(TASK OBJECTIVE) Please take the lines from the one holding "#204=EDGE_LOOP('',(#200,#201,#202,#203));" through the one holding "#251=EDGE_CURVE('E106',#250,#85,#248,.T.);" in the data below and copy them exactly.

(MATERIAL FOR THIS TASK)
····················
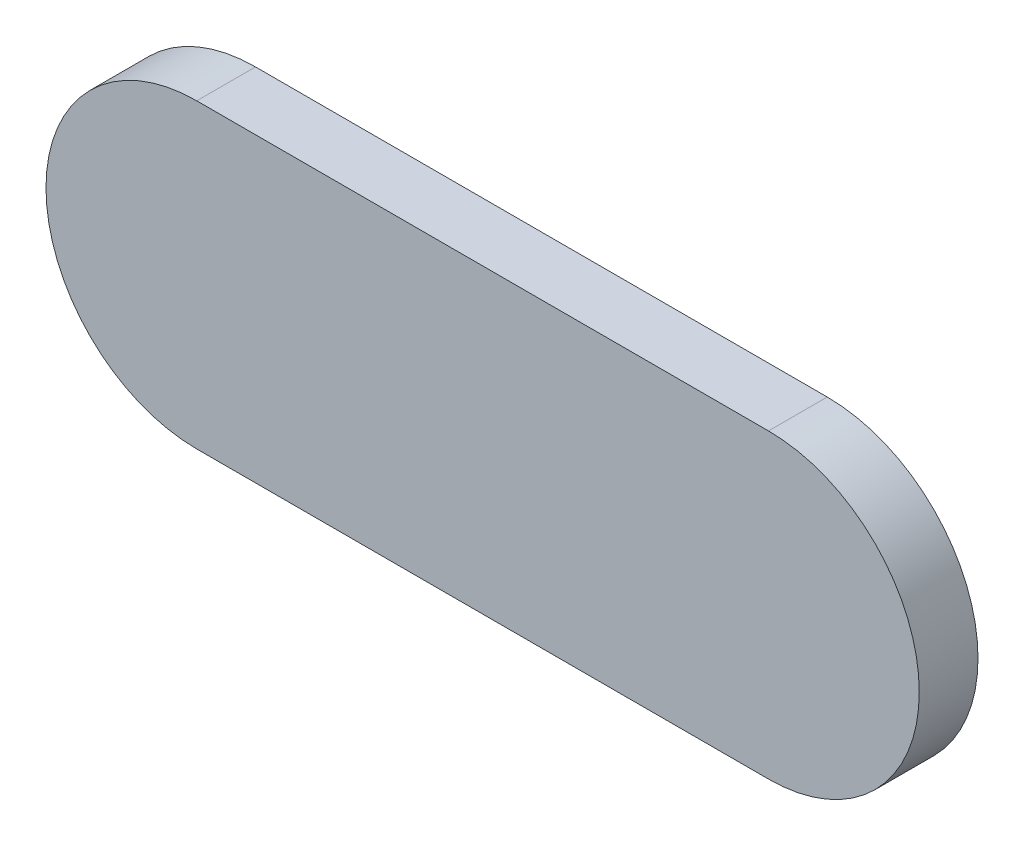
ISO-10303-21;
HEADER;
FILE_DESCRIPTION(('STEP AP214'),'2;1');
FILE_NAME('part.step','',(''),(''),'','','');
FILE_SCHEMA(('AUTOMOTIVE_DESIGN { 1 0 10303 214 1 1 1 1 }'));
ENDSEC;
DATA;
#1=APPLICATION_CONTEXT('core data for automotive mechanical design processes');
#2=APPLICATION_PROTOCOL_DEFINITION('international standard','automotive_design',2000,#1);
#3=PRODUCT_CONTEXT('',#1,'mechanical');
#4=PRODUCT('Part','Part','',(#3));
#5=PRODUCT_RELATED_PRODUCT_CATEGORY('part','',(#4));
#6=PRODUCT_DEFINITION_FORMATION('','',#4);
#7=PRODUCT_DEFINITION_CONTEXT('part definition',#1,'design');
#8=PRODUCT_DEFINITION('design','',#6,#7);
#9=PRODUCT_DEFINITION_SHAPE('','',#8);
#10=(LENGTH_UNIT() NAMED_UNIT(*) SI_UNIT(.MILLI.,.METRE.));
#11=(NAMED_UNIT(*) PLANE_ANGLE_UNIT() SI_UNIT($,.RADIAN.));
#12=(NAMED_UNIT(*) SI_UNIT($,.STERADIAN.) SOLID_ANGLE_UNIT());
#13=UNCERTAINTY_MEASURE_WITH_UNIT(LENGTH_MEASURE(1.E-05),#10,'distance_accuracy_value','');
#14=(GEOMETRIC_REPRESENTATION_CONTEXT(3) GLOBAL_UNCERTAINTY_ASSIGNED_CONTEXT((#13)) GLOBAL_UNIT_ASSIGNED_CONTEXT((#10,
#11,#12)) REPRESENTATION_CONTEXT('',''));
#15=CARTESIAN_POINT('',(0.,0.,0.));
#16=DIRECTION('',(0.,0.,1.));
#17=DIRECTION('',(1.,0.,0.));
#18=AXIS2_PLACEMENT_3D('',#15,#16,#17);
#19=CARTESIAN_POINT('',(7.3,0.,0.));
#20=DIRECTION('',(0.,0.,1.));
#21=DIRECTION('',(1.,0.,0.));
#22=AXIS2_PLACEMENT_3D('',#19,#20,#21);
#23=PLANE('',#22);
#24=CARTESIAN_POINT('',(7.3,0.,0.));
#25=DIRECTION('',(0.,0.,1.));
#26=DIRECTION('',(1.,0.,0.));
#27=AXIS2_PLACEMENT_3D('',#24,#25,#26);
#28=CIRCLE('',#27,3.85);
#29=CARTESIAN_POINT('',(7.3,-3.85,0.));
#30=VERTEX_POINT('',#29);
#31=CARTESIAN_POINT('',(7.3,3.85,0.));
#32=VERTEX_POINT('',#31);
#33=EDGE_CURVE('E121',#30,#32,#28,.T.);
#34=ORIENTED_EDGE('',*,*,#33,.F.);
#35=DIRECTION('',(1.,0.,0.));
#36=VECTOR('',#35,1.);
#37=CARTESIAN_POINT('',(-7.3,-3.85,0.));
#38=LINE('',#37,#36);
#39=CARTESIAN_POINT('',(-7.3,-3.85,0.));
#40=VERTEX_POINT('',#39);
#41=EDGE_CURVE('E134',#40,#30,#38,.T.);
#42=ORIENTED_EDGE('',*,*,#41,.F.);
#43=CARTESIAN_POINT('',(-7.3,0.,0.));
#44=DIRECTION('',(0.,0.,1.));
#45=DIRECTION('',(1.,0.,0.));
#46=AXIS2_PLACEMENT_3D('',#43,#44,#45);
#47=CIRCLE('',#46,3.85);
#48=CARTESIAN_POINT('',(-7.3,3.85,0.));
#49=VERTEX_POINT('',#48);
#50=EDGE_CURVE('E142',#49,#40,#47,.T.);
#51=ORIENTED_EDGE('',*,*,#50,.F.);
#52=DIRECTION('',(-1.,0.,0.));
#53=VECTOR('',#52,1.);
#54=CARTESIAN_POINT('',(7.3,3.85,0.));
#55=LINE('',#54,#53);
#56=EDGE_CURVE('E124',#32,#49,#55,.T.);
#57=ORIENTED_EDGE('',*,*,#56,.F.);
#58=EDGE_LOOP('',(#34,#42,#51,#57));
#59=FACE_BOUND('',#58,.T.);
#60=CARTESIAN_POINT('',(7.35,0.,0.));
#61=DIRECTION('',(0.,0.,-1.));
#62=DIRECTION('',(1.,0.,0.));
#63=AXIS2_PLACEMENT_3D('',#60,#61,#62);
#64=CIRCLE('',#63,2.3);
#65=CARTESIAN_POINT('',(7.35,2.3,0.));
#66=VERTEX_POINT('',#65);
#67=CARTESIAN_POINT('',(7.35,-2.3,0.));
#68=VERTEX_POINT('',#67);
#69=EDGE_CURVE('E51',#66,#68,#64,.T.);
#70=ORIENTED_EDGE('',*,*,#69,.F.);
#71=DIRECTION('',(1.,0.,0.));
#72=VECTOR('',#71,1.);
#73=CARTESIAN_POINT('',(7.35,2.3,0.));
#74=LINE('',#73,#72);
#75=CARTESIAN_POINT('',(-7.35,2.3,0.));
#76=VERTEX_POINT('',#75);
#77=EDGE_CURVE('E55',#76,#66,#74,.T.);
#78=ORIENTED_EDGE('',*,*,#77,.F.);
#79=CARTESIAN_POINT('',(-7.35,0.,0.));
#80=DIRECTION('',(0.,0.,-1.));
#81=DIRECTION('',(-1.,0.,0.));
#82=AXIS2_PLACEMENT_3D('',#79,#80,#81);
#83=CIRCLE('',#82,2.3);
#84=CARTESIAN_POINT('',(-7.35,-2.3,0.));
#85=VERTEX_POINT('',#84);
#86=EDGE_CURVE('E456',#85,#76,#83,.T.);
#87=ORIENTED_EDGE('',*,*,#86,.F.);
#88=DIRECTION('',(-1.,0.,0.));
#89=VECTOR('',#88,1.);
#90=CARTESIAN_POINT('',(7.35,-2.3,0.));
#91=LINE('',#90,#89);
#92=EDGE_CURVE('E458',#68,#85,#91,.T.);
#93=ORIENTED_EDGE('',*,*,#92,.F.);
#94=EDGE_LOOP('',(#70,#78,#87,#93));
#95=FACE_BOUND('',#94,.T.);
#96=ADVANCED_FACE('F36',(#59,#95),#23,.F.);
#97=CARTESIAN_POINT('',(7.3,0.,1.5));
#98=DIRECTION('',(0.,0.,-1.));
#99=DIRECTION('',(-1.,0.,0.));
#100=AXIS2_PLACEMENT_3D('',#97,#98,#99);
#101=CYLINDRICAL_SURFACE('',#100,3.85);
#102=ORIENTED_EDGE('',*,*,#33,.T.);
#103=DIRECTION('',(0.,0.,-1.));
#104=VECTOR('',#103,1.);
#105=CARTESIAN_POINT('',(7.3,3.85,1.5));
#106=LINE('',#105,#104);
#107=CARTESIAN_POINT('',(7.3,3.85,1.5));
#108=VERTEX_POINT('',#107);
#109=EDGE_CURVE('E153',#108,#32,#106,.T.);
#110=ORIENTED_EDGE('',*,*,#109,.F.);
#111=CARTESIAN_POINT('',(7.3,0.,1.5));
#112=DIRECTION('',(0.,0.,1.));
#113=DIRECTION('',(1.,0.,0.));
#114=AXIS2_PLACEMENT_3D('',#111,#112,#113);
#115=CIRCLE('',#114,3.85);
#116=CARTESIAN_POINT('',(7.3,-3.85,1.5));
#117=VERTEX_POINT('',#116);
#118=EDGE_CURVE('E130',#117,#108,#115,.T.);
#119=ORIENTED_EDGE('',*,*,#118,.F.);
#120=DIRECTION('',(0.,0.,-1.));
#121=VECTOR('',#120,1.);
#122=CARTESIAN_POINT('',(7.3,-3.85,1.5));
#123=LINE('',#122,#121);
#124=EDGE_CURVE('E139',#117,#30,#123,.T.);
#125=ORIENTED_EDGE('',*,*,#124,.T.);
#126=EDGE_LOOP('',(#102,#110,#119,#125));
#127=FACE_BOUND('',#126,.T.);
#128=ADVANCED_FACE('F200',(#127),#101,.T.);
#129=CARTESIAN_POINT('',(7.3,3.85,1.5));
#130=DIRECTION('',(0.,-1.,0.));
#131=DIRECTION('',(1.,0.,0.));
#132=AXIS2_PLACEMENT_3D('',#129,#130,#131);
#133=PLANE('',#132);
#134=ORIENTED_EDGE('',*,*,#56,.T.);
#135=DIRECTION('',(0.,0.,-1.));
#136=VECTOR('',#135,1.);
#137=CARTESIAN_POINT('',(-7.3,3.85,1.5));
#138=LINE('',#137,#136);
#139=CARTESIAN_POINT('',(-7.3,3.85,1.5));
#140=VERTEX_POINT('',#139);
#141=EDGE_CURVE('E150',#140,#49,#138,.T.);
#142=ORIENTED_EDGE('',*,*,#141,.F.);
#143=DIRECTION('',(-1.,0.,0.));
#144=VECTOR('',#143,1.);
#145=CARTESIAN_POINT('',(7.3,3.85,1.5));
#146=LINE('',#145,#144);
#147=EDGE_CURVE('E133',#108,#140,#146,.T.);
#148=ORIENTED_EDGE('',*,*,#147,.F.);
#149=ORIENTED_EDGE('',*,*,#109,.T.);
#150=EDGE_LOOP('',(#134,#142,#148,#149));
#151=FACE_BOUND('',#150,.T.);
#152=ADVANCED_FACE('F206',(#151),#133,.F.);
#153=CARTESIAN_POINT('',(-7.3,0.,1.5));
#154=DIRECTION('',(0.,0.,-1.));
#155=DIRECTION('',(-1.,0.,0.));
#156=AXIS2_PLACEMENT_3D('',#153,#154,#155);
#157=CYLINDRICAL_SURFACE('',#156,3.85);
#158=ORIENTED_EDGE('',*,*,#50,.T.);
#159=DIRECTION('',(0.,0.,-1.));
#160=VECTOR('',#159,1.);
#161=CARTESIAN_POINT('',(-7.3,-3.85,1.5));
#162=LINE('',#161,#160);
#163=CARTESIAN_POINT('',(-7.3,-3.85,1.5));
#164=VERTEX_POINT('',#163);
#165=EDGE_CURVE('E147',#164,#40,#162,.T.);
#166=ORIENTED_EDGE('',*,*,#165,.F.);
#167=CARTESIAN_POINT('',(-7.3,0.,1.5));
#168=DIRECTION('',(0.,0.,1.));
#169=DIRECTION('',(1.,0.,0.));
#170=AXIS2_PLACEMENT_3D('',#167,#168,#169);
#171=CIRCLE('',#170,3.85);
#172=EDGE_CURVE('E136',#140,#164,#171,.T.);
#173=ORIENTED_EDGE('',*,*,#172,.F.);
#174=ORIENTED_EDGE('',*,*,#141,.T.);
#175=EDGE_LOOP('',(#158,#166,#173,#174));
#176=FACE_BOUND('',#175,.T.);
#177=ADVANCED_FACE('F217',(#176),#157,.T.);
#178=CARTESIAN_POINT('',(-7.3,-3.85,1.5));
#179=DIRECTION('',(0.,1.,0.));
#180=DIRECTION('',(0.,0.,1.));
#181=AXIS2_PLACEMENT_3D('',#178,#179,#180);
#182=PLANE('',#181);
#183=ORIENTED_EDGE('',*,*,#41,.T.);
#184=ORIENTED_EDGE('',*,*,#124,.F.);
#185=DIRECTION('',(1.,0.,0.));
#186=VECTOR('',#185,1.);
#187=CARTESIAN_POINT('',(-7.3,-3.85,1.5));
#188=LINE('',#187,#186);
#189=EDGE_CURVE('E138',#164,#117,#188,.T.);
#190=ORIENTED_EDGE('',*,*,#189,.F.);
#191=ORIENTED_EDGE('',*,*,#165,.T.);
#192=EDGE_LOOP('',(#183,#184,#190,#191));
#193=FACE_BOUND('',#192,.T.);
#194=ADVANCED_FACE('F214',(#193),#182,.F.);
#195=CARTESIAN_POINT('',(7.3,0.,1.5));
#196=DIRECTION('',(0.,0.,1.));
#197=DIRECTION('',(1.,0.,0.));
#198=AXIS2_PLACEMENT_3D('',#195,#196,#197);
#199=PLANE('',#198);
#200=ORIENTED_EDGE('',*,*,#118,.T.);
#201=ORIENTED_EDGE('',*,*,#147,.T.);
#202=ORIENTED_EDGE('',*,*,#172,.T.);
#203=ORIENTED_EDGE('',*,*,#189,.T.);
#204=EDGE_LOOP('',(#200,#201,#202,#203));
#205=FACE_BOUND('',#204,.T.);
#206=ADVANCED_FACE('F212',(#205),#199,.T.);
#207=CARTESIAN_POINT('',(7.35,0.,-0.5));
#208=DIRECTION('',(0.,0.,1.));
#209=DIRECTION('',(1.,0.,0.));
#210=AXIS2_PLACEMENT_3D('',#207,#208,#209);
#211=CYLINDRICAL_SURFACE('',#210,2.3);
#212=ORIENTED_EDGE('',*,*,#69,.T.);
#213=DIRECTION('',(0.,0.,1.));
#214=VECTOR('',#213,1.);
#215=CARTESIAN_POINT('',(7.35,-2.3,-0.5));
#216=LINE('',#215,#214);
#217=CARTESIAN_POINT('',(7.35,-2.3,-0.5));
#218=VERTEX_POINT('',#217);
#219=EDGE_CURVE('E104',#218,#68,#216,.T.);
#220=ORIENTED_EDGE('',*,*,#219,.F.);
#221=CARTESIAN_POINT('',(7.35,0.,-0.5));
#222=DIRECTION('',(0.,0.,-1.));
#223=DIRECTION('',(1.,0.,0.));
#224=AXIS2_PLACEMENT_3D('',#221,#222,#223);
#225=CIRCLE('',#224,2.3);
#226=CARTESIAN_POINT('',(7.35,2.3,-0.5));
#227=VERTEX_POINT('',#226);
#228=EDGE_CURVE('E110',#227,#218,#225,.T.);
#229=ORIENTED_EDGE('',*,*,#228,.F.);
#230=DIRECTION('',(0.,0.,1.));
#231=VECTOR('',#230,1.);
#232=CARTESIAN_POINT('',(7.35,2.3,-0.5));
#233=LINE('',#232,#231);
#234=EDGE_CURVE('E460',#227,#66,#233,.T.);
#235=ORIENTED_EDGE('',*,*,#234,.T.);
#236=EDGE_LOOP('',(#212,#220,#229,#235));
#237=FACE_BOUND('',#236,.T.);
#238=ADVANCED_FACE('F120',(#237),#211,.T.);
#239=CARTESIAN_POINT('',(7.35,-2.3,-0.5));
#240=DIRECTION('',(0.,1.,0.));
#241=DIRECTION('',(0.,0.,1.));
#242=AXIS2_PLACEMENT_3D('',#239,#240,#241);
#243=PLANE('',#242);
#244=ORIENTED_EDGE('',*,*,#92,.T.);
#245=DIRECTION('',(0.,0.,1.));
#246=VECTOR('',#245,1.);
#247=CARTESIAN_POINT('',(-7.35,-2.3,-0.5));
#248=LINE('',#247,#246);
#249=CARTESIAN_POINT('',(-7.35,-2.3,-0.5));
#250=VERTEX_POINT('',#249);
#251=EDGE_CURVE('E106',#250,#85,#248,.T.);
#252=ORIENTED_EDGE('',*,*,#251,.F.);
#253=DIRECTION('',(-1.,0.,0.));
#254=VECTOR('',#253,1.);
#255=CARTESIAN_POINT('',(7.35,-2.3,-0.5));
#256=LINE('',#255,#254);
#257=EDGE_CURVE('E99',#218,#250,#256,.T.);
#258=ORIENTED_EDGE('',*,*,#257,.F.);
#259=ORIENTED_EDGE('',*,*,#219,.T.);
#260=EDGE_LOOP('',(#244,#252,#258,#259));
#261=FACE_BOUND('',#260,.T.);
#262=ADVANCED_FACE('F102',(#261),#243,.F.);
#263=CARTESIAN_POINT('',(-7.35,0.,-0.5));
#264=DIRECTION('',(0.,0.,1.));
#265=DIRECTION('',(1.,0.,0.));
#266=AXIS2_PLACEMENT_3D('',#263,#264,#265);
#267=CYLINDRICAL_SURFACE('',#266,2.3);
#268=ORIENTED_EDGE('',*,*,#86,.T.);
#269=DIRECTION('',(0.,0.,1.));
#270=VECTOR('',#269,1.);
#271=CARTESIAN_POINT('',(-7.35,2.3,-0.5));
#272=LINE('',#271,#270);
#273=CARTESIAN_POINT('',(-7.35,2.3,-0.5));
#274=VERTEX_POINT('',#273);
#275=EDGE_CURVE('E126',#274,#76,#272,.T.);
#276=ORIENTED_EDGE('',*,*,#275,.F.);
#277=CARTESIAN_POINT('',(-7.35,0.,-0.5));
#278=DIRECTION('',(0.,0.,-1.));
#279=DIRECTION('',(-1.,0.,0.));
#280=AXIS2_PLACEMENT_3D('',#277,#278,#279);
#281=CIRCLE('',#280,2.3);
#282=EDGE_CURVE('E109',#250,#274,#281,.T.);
····················
(REPLY TO THE TASK)
#204=EDGE_LOOP('',(#200,#201,#202,#203));
#205=FACE_BOUND('',#204,.T.);
#206=ADVANCED_FACE('F212',(#205),#199,.T.);
#207=CARTESIAN_POINT('',(7.35,0.,-0.5));
#208=DIRECTION('',(0.,0.,1.));
#209=DIRECTION('',(1.,0.,0.));
#210=AXIS2_PLACEMENT_3D('',#207,#208,#209);
#211=CYLINDRICAL_SURFACE('',#210,2.3);
#212=ORIENTED_EDGE('',*,*,#69,.T.);
#213=DIRECTION('',(0.,0.,1.));
#214=VECTOR('',#213,1.);
#215=CARTESIAN_POINT('',(7.35,-2.3,-0.5));
#216=LINE('',#215,#214);
#217=CARTESIAN_POINT('',(7.35,-2.3,-0.5));
#218=VERTEX_POINT('',#217);
#219=EDGE_CURVE('E104',#218,#68,#216,.T.);
#220=ORIENTED_EDGE('',*,*,#219,.F.);
#221=CARTESIAN_POINT('',(7.35,0.,-0.5));
#222=DIRECTION('',(0.,0.,-1.));
#223=DIRECTION('',(1.,0.,0.));
#224=AXIS2_PLACEMENT_3D('',#221,#222,#223);
#225=CIRCLE('',#224,2.3);
#226=CARTESIAN_POINT('',(7.35,2.3,-0.5));
#227=VERTEX_POINT('',#226);
#228=EDGE_CURVE('E110',#227,#218,#225,.T.);
#229=ORIENTED_EDGE('',*,*,#228,.F.);
#230=DIRECTION('',(0.,0.,1.));
#231=VECTOR('',#230,1.);
#232=CARTESIAN_POINT('',(7.35,2.3,-0.5));
#233=LINE('',#232,#231);
#234=EDGE_CURVE('E460',#227,#66,#233,.T.);
#235=ORIENTED_EDGE('',*,*,#234,.T.);
#236=EDGE_LOOP('',(#212,#220,#229,#235));
#237=FACE_BOUND('',#236,.T.);
#238=ADVANCED_FACE('F120',(#237),#211,.T.);
#239=CARTESIAN_POINT('',(7.35,-2.3,-0.5));
#240=DIRECTION('',(0.,1.,0.));
#241=DIRECTION('',(0.,0.,1.));
#242=AXIS2_PLACEMENT_3D('',#239,#240,#241);
#243=PLANE('',#242);
#244=ORIENTED_EDGE('',*,*,#92,.T.);
#245=DIRECTION('',(0.,0.,1.));
#246=VECTOR('',#245,1.);
#247=CARTESIAN_POINT('',(-7.35,-2.3,-0.5));
#248=LINE('',#247,#246);
#249=CARTESIAN_POINT('',(-7.35,-2.3,-0.5));
#250=VERTEX_POINT('',#249);
#251=EDGE_CURVE('E106',#250,#85,#248,.T.);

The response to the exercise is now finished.